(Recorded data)

-*-*-

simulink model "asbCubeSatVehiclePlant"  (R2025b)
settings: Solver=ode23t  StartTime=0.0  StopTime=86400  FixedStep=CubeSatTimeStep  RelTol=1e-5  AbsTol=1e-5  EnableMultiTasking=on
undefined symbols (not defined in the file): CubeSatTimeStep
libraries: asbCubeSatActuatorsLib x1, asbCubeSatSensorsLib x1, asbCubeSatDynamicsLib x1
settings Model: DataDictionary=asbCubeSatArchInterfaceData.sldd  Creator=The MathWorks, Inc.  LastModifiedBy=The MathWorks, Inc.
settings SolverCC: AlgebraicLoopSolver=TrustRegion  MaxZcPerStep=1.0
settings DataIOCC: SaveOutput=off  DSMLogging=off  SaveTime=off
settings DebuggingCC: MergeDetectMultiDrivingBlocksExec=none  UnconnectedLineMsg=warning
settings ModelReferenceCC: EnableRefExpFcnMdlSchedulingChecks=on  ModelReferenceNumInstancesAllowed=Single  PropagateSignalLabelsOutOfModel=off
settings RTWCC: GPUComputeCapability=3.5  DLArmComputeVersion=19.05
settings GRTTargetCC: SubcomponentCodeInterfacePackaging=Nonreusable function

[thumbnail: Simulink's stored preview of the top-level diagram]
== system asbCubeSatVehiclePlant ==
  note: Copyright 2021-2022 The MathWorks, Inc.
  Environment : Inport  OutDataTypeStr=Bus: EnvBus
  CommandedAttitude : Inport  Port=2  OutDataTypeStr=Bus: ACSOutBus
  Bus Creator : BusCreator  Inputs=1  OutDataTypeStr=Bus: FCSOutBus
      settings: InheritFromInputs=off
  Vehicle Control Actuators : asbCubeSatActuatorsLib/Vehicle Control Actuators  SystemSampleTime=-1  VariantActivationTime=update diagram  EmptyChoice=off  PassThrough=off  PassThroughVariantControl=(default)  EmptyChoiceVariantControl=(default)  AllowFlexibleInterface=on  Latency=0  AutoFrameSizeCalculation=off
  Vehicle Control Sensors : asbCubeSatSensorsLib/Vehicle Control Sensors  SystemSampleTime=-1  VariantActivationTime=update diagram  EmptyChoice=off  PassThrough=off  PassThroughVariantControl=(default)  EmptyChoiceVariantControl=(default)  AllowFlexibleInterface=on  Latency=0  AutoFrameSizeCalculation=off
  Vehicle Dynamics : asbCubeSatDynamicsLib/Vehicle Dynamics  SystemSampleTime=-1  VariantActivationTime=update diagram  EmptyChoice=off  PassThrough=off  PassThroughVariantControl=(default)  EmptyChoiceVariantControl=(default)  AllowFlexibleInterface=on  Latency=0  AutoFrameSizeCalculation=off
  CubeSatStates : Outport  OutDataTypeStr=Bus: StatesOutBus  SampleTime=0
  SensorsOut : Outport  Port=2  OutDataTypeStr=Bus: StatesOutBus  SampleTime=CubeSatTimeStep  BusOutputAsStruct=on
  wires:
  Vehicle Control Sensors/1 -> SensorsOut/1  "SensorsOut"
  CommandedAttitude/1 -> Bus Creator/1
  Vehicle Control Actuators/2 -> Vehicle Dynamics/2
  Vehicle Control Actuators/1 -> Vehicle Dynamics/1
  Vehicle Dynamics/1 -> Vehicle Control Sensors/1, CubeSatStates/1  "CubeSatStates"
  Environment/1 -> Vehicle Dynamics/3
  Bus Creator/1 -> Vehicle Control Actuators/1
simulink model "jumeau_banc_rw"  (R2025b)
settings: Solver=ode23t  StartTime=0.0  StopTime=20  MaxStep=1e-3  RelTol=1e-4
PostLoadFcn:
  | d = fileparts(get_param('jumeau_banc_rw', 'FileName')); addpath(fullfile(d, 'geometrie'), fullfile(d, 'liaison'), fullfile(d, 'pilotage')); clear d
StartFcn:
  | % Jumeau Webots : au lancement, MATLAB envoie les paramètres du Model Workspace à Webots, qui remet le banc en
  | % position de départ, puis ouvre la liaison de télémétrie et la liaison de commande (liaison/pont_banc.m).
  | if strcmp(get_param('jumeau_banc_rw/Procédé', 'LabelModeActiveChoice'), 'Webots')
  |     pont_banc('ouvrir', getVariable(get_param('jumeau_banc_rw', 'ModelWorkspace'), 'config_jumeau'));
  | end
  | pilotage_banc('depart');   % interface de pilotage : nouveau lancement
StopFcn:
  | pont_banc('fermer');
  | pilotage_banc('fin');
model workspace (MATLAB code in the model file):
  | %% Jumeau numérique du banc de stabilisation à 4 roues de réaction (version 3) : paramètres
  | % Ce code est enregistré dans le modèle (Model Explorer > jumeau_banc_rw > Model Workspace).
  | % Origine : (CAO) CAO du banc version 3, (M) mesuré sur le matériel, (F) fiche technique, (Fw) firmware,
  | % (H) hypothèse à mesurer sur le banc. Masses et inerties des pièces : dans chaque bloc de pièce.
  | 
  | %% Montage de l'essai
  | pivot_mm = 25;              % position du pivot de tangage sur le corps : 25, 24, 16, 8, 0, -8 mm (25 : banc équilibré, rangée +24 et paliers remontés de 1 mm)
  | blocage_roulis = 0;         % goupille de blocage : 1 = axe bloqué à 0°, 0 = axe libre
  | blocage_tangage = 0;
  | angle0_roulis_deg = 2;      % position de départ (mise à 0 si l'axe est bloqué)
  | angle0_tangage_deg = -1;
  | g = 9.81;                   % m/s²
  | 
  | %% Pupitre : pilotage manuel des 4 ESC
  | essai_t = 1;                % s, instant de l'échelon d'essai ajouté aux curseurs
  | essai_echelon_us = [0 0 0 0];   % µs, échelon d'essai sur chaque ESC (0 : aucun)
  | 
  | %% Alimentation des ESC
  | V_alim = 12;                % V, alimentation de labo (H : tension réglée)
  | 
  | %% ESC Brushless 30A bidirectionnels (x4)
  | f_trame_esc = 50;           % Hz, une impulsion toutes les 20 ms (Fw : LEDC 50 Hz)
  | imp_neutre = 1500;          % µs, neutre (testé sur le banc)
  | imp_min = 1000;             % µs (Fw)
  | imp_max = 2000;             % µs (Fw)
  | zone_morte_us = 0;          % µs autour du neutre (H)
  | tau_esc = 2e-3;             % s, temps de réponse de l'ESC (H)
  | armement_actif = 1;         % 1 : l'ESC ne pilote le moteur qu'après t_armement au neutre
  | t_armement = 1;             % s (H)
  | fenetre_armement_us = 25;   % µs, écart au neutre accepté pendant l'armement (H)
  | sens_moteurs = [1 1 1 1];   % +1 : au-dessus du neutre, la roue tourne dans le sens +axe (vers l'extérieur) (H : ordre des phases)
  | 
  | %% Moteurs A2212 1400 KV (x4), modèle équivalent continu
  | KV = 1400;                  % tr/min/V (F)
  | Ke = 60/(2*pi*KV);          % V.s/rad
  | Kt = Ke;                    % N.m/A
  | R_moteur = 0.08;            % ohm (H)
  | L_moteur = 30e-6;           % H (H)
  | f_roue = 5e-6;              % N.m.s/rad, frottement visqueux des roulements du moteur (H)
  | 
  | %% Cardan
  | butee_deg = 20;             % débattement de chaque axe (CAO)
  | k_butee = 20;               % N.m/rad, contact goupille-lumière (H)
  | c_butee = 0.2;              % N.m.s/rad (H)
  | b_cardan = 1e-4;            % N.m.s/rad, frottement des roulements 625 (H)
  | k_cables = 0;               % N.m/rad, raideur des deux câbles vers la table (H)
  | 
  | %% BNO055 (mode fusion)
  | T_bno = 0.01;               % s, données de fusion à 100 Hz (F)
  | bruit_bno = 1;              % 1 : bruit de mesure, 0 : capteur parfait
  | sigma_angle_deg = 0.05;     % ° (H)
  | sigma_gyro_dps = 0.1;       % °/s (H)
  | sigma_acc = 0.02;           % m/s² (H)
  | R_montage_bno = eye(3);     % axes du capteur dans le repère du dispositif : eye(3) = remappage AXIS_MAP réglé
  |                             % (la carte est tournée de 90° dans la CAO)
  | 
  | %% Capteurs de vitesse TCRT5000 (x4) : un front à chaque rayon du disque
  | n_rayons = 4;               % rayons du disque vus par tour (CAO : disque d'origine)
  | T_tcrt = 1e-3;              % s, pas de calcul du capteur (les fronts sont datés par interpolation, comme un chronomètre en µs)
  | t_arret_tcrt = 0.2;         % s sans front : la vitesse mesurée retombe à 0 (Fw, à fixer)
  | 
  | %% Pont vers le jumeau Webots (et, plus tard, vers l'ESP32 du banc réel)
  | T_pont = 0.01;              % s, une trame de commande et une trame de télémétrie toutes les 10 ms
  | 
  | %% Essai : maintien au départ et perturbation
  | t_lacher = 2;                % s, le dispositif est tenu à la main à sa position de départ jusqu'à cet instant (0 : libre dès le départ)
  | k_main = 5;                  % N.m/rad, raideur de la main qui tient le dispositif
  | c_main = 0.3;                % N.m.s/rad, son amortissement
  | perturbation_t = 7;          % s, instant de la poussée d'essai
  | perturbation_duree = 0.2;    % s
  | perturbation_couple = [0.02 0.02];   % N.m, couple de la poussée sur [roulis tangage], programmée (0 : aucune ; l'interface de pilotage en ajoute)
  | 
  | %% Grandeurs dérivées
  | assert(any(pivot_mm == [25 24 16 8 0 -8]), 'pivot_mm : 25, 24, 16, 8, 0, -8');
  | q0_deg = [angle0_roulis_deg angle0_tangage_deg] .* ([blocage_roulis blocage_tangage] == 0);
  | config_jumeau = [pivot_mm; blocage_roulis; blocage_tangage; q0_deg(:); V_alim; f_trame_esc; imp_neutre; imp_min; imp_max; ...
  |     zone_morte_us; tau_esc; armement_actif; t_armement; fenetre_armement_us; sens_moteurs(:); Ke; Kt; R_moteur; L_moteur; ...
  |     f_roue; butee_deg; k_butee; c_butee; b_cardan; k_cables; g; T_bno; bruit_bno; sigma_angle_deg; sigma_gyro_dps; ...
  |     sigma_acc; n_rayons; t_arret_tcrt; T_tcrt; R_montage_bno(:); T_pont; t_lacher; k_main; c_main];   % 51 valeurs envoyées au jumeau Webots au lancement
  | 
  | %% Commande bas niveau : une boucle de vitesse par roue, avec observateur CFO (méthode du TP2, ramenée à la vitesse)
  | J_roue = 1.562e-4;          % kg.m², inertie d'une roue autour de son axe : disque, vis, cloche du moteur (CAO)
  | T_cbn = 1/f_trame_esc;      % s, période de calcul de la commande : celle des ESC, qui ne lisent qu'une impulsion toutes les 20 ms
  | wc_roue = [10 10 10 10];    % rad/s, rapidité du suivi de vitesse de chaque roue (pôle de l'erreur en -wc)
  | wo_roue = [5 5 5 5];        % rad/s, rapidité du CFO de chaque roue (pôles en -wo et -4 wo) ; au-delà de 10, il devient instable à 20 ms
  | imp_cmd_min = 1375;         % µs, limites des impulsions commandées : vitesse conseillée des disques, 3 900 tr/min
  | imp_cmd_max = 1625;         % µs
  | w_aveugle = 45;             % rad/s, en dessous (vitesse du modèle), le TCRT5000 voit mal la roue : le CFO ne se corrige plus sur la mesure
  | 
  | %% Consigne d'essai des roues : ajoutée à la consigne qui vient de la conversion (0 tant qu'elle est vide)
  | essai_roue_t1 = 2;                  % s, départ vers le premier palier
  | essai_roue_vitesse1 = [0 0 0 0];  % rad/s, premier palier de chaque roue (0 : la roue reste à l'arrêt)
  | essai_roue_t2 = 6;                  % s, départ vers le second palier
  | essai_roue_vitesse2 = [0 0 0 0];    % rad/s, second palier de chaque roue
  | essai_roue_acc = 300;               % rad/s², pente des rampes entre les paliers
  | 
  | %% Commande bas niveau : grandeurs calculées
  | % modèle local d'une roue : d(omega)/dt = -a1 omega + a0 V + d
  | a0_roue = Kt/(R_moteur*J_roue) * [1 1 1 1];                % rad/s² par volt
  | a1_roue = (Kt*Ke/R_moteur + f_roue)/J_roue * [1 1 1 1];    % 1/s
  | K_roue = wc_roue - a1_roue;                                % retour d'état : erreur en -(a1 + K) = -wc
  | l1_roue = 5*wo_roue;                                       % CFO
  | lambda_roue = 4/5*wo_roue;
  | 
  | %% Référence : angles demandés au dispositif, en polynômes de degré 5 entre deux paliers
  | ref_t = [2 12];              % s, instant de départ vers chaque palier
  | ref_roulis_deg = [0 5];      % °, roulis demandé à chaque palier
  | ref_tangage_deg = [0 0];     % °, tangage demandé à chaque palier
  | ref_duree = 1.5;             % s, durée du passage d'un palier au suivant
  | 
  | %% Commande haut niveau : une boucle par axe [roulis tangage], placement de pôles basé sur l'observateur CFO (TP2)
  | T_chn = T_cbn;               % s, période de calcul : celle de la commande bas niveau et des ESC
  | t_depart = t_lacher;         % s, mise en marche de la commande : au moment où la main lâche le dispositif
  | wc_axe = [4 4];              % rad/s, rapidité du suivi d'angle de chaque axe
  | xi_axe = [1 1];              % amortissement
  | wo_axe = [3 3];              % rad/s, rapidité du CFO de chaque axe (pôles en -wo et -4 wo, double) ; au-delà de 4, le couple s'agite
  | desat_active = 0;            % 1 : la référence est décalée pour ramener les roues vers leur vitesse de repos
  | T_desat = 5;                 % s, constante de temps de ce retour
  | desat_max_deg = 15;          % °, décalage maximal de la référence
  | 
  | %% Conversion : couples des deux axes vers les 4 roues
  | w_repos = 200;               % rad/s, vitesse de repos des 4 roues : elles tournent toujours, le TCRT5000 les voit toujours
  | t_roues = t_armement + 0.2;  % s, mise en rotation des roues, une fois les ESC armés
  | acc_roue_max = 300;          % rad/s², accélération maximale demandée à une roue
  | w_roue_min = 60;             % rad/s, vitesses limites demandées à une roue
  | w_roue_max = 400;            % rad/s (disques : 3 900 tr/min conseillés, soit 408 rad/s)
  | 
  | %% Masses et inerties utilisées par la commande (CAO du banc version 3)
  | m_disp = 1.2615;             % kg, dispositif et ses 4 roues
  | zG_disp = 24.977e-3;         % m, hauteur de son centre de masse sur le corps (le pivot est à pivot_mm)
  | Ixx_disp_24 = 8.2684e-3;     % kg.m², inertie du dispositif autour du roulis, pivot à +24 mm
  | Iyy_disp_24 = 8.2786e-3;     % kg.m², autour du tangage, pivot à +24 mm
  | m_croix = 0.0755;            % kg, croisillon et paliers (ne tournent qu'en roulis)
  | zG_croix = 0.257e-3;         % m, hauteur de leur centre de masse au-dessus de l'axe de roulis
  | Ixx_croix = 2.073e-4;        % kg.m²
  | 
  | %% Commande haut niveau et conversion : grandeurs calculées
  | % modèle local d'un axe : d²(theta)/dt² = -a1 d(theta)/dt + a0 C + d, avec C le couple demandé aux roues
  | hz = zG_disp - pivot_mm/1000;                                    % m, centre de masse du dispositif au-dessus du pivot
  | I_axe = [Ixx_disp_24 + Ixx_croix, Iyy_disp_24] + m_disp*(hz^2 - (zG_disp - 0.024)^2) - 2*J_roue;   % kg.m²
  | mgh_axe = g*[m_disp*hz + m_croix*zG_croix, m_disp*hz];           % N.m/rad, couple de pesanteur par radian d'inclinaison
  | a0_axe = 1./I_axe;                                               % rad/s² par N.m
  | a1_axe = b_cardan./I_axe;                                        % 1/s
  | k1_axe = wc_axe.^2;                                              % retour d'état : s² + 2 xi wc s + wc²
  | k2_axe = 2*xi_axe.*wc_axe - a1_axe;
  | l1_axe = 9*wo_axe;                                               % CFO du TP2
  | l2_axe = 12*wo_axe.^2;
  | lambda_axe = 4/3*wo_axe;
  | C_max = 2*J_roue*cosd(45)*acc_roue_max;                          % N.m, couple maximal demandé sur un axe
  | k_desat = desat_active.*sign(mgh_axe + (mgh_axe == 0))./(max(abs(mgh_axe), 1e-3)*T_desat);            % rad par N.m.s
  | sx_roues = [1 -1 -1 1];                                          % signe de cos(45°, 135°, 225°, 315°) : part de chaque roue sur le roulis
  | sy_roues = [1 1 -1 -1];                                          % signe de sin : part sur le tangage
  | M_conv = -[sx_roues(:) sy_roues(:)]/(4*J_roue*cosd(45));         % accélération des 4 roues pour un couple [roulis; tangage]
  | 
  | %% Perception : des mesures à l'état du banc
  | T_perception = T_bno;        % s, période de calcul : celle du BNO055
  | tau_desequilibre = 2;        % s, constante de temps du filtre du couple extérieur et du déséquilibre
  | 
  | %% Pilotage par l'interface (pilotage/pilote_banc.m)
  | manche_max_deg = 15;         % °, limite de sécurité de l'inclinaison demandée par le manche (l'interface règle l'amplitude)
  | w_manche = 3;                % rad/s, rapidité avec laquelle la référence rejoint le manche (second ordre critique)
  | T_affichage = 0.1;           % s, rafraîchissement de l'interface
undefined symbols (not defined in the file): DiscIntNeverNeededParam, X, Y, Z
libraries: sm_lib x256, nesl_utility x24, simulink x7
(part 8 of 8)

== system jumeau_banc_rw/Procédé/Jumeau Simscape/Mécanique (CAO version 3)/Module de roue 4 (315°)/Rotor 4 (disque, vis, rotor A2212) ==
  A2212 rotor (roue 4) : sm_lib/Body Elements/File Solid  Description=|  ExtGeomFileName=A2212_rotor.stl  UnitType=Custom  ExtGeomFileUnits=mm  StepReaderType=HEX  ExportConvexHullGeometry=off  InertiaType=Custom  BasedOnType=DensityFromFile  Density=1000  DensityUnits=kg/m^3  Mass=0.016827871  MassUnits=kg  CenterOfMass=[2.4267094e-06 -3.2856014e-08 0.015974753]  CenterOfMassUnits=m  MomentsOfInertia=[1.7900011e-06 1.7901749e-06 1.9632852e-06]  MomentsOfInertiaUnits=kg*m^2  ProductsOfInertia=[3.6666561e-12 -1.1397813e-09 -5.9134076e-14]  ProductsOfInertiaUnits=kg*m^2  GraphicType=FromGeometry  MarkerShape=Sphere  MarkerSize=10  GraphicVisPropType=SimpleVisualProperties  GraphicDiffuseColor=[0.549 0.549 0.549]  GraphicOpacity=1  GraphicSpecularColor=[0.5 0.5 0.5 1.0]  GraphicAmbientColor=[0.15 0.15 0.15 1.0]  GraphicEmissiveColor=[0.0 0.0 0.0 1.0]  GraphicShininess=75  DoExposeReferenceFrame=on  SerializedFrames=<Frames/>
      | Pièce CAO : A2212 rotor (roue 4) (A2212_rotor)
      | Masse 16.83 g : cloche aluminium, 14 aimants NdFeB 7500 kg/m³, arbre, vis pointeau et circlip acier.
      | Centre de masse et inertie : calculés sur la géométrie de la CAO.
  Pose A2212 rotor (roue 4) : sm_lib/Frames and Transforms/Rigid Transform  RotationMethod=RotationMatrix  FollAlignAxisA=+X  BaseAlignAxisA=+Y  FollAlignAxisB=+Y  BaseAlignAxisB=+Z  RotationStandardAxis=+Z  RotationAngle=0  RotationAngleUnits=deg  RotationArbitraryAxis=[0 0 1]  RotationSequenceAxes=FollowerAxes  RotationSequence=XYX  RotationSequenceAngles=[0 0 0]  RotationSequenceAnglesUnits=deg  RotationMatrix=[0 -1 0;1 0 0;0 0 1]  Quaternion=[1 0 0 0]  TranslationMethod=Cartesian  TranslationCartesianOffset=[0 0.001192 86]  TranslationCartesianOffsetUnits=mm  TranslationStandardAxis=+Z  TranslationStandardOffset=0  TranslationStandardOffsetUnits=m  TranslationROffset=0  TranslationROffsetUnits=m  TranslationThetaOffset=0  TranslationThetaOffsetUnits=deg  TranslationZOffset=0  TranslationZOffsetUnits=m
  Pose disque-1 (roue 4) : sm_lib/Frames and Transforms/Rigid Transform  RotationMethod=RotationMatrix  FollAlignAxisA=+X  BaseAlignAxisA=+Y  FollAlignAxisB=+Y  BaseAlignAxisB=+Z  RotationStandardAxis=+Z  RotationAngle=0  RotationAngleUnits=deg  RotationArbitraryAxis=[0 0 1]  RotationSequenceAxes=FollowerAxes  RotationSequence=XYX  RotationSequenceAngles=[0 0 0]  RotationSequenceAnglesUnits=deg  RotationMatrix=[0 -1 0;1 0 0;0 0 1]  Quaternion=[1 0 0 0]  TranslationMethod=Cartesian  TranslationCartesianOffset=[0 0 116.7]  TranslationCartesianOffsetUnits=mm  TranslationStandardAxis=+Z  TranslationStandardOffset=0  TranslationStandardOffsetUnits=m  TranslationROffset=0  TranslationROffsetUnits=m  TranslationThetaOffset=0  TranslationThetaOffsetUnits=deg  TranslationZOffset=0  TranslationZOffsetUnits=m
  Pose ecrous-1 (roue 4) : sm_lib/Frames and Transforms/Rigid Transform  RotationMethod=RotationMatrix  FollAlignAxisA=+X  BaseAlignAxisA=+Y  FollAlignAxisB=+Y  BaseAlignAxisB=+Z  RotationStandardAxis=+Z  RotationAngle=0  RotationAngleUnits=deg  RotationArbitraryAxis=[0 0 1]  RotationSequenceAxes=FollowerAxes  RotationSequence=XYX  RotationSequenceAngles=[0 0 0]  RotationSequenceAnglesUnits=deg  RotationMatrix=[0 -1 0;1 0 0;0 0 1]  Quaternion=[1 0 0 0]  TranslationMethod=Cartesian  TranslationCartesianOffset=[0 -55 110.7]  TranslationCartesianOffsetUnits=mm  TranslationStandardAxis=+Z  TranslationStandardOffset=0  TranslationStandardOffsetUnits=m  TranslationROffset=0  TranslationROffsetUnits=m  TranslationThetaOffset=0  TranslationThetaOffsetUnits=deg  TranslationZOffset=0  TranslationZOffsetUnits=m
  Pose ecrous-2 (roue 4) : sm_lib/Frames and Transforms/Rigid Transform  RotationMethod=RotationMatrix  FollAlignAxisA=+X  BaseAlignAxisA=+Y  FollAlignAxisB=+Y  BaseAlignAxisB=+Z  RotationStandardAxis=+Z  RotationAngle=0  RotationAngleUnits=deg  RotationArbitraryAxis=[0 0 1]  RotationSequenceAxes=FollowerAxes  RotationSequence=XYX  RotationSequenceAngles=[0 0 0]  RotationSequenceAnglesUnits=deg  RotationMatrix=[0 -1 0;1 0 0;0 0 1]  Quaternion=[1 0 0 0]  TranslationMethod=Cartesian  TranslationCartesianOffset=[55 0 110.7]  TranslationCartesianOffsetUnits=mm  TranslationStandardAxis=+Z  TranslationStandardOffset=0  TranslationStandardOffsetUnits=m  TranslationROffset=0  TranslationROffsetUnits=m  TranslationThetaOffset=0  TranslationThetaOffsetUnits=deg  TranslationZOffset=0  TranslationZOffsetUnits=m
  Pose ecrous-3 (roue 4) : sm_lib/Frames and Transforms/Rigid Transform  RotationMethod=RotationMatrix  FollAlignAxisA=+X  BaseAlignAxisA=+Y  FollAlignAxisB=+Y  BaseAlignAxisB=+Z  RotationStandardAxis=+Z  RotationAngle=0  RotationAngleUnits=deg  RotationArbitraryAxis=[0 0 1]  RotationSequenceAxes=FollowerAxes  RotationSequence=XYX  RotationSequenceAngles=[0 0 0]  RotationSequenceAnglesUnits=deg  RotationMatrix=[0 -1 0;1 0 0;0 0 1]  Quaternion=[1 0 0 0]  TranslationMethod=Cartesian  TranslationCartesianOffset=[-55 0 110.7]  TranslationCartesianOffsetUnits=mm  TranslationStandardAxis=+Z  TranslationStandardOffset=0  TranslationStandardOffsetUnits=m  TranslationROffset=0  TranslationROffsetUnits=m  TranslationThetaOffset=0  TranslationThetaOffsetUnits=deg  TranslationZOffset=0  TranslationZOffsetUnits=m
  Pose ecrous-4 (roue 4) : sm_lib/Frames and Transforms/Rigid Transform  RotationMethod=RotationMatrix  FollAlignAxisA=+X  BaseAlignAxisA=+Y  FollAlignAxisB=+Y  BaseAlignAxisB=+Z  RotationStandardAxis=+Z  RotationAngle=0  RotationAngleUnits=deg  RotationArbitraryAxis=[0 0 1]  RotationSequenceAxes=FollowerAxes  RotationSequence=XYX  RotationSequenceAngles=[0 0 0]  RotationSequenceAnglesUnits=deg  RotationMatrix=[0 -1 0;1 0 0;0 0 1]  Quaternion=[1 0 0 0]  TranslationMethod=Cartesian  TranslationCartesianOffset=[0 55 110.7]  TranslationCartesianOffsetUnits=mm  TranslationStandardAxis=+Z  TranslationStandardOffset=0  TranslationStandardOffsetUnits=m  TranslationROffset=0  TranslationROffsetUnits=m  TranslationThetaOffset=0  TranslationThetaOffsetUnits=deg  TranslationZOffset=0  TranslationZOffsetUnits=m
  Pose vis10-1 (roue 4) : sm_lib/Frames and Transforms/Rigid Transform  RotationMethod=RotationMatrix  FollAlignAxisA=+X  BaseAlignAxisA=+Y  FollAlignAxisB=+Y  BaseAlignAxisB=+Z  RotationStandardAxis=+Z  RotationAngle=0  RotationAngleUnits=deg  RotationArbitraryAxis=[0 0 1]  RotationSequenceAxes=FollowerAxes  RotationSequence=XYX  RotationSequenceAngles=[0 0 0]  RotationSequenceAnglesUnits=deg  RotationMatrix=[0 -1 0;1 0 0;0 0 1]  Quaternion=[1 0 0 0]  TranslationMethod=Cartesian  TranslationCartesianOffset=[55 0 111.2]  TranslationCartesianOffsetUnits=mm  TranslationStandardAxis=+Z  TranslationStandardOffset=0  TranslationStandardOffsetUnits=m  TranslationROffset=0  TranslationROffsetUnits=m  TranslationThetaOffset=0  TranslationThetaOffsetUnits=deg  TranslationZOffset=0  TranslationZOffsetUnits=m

-*-*-

◆ Task statement
Up to and including the line with "settings ModelReferenceCC: EnableRefExpFcnMdlSchedulingChecks=on", please return the records exactly, beginning from their first line.

◆ Exercise answer
simulink model "asbCubeSatVehiclePlant"  (R2025b)
settings: Solver=ode23t  StartTime=0.0  StopTime=86400  FixedStep=CubeSatTimeStep  RelTol=1e-5  AbsTol=1e-5  EnableMultiTasking=on
undefined symbols (not defined in the file): CubeSatTimeStep
libraries: asbCubeSatActuatorsLib x1, asbCubeSatSensorsLib x1, asbCubeSatDynamicsLib x1
settings Model: DataDictionary=asbCubeSatArchInterfaceData.sldd  Creator=The MathWorks, Inc.  LastModifiedBy=The MathWorks, Inc.
settings SolverCC: AlgebraicLoopSolver=TrustRegion  MaxZcPerStep=1.0
settings DataIOCC: SaveOutput=off  DSMLogging=off  SaveTime=off
settings DebuggingCC: MergeDetectMultiDrivingBlocksExec=none  UnconnectedLineMsg=warning
settings ModelReferenceCC: EnableRefExpFcnMdlSchedulingChecks=on  ModelReferenceNumInstancesAllowed=Single  PropagateSignalLabelsOutOfModel=off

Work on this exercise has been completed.